Requirement »
The lines from the first line of the entries through the line containing "settings CodeAppCC: ForceParamTrailComments=on" are to be repeated exactly, with both of those lines included.

==============================

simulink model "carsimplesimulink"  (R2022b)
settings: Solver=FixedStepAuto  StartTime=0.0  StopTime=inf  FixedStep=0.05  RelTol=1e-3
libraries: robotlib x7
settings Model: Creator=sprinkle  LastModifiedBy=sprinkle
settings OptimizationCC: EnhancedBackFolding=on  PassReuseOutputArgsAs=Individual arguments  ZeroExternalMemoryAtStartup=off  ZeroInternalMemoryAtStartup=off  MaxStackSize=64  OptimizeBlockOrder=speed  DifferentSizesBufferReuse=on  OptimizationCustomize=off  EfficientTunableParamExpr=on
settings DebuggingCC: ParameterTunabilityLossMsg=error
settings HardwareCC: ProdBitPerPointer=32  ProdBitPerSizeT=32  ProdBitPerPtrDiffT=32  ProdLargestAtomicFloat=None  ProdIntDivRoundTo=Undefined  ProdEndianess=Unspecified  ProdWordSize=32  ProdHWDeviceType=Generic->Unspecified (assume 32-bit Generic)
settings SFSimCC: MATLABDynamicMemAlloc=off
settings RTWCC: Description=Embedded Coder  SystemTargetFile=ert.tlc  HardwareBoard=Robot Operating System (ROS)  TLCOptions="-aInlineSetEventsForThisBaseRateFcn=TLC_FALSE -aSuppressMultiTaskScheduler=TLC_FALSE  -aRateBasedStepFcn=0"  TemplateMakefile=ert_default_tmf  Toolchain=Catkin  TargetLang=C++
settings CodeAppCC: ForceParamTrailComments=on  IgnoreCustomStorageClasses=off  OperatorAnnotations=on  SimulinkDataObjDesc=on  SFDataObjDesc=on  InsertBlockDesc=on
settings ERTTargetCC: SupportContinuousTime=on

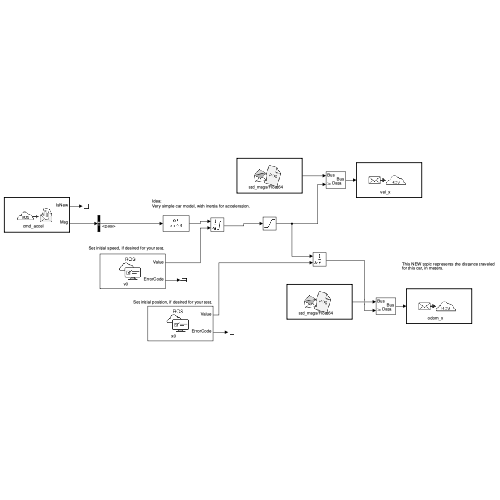
[thumbnail: Simulink's stored preview of the top-level diagram]
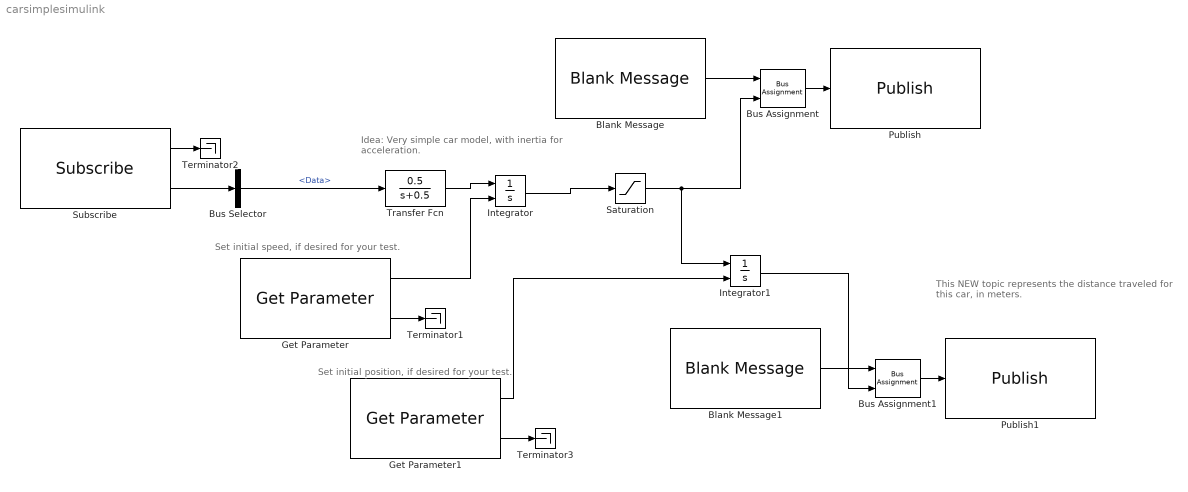
== system carsimplesimulink ==
  note: This NEW topic represents the distance traveled
      | for this car, in meters.
  note: Set initial speed, if desired for your test.
  note: Idea:
      | Very simple car model, with inertia for acceleration.
  note: Set initial position, if desired for your test.
  Blank Message : robotlib/Blank Message  messageClass=Message  entityType=std_msgs/Float64  messageType=std_msgs/Float64  SampleTime=inf  legacyBusStruct=off
      settings: LibrarySourceBlock=roslib/ROS/Blank Message
  Blank Message1 : robotlib/Blank Message  messageClass=Message  entityType=std_msgs/Float64  messageType=std_msgs/Float64  SampleTime=inf  legacyBusStruct=off
      settings: LibrarySourceBlock=roslib/ROS/Blank Message
  Bus Assignment : BusAssignment  AssignedSignals=Data
  Bus Assignment1 : BusAssignment  AssignedSignals=Data
  Bus Selector : BusSelector  OutputSignals=Data
  Get Parameter : robotlib/Get Parameter  ParameterSource=Specify your own  ParameterName=v0  ParameterType=double  ParameterMaxArrayLength=16  ParameterInitialValue=0.0  SampleTime=-1  ShowErrorCodeOutput=on  ModelName=carsimplesimulink  BlockId=ParamGet_carsimplesimulink_31
      settings: LibrarySourceBlock=roslib/ROS/Get Parameter
  Get Parameter1 : robotlib/Get Parameter  ParameterSource=Specify your own  ParameterName=x0  ParameterType=double  ParameterMaxArrayLength=16  ParameterInitialValue=0.0  SampleTime=-1  ShowErrorCodeOutput=on  ModelName=carsimplesimulink  BlockId=ParamGet_carsimplesimulink_37
      settings: LibrarySourceBlock=roslib/ROS/Get Parameter
  Integrator : Integrator  InitialConditionSource=external  LimitOutput=on  UpperSaturationLimit=40  LowerSaturationLimit=0
  Integrator1 : Integrator  InitialConditionSource=external
  Publish : robotlib/Publish  topicSource=Specify your own  topic=vel_x  messageType=std_msgs/Float64  legacyBusStruct=off  messageQueueLength=1
      settings: LibrarySourceBlock=roslib/ROS/Publish
  Publish1 : robotlib/Publish  topicSource=Specify your own  topic=odom_x  messageType=std_msgs/Float64  legacyBusStruct=off  messageQueueLength=1
      settings: LibrarySourceBlock=roslib/ROS/Publish
  Saturation : Saturate  UpperLimit=40  LowerLimit=0
  Subscribe : robotlib/Subscribe  topicSource=Specify your own  topic=cmd_accel  messageType=std_msgs/Float64  SampleTime=-1  legacyBusStruct=off  messageQueueLength=1
      settings: LibrarySourceBlock=roslib/ROS/Subscribe
  Terminator1 : Terminator
  Terminator2 : Terminator
  Terminator3 : Terminator
  Transfer Fcn : TransferFcn  Numerator=[0.5]  Denominator=[1 0.5]
  wires:
  Bus Selector/1 -> Transfer Fcn/1  "<Data>"
  Transfer Fcn/1 -> Integrator/1
  Subscribe/1 -> Terminator2/1
  Integrator/1 -> Saturation/1
  Blank Message/1 -> Bus Assignment/1
  Bus Assignment/1 -> Publish/1
  Subscribe/2 -> Bus Selector/1
  Saturation/1 -> Integrator1/1, Bus Assignment/2
  Get Parameter/1 -> Integrator/2
  Get Parameter/2 -> Terminator1/1
  Blank Message1/1 -> Bus Assignment1/1
  Bus Assignment1/1 -> Publish1/1
  Integrator1/1 -> Bus Assignment1/2
  Get Parameter1/2 -> Terminator3/1
  Get Parameter1/1 -> Integrator1/2

==============================

Solution to this task »
simulink model "carsimplesimulink"  (R2022b)
settings: Solver=FixedStepAuto  StartTime=0.0  StopTime=inf  FixedStep=0.05  RelTol=1e-3
libraries: robotlib x7
settings Model: Creator=sprinkle  LastModifiedBy=sprinkle
settings OptimizationCC: EnhancedBackFolding=on  PassReuseOutputArgsAs=Individual arguments  ZeroExternalMemoryAtStartup=off  ZeroInternalMemoryAtStartup=off  MaxStackSize=64  OptimizeBlockOrder=speed  DifferentSizesBufferReuse=on  OptimizationCustomize=off  EfficientTunableParamExpr=on
settings DebuggingCC: ParameterTunabilityLossMsg=error
settings HardwareCC: ProdBitPerPointer=32  ProdBitPerSizeT=32  ProdBitPerPtrDiffT=32  ProdLargestAtomicFloat=None  ProdIntDivRoundTo=Undefined  ProdEndianess=Unspecified  ProdWordSize=32  ProdHWDeviceType=Generic->Unspecified (assume 32-bit Generic)
settings SFSimCC: MATLABDynamicMemAlloc=off
settings RTWCC: Description=Embedded Coder  SystemTargetFile=ert.tlc  HardwareBoard=Robot Operating System (ROS)  TLCOptions="-aInlineSetEventsForThisBaseRateFcn=TLC_FALSE -aSuppressMultiTaskScheduler=TLC_FALSE  -aRateBasedStepFcn=0"  TemplateMakefile=ert_default_tmf  Toolchain=Catkin  TargetLang=C++
settings CodeAppCC: ForceParamTrailComments=on  IgnoreCustomStorageClasses=off  OperatorAnnotations=on  SimulinkDataObjDesc=on  SFDataObjDesc=on  InsertBlockDesc=on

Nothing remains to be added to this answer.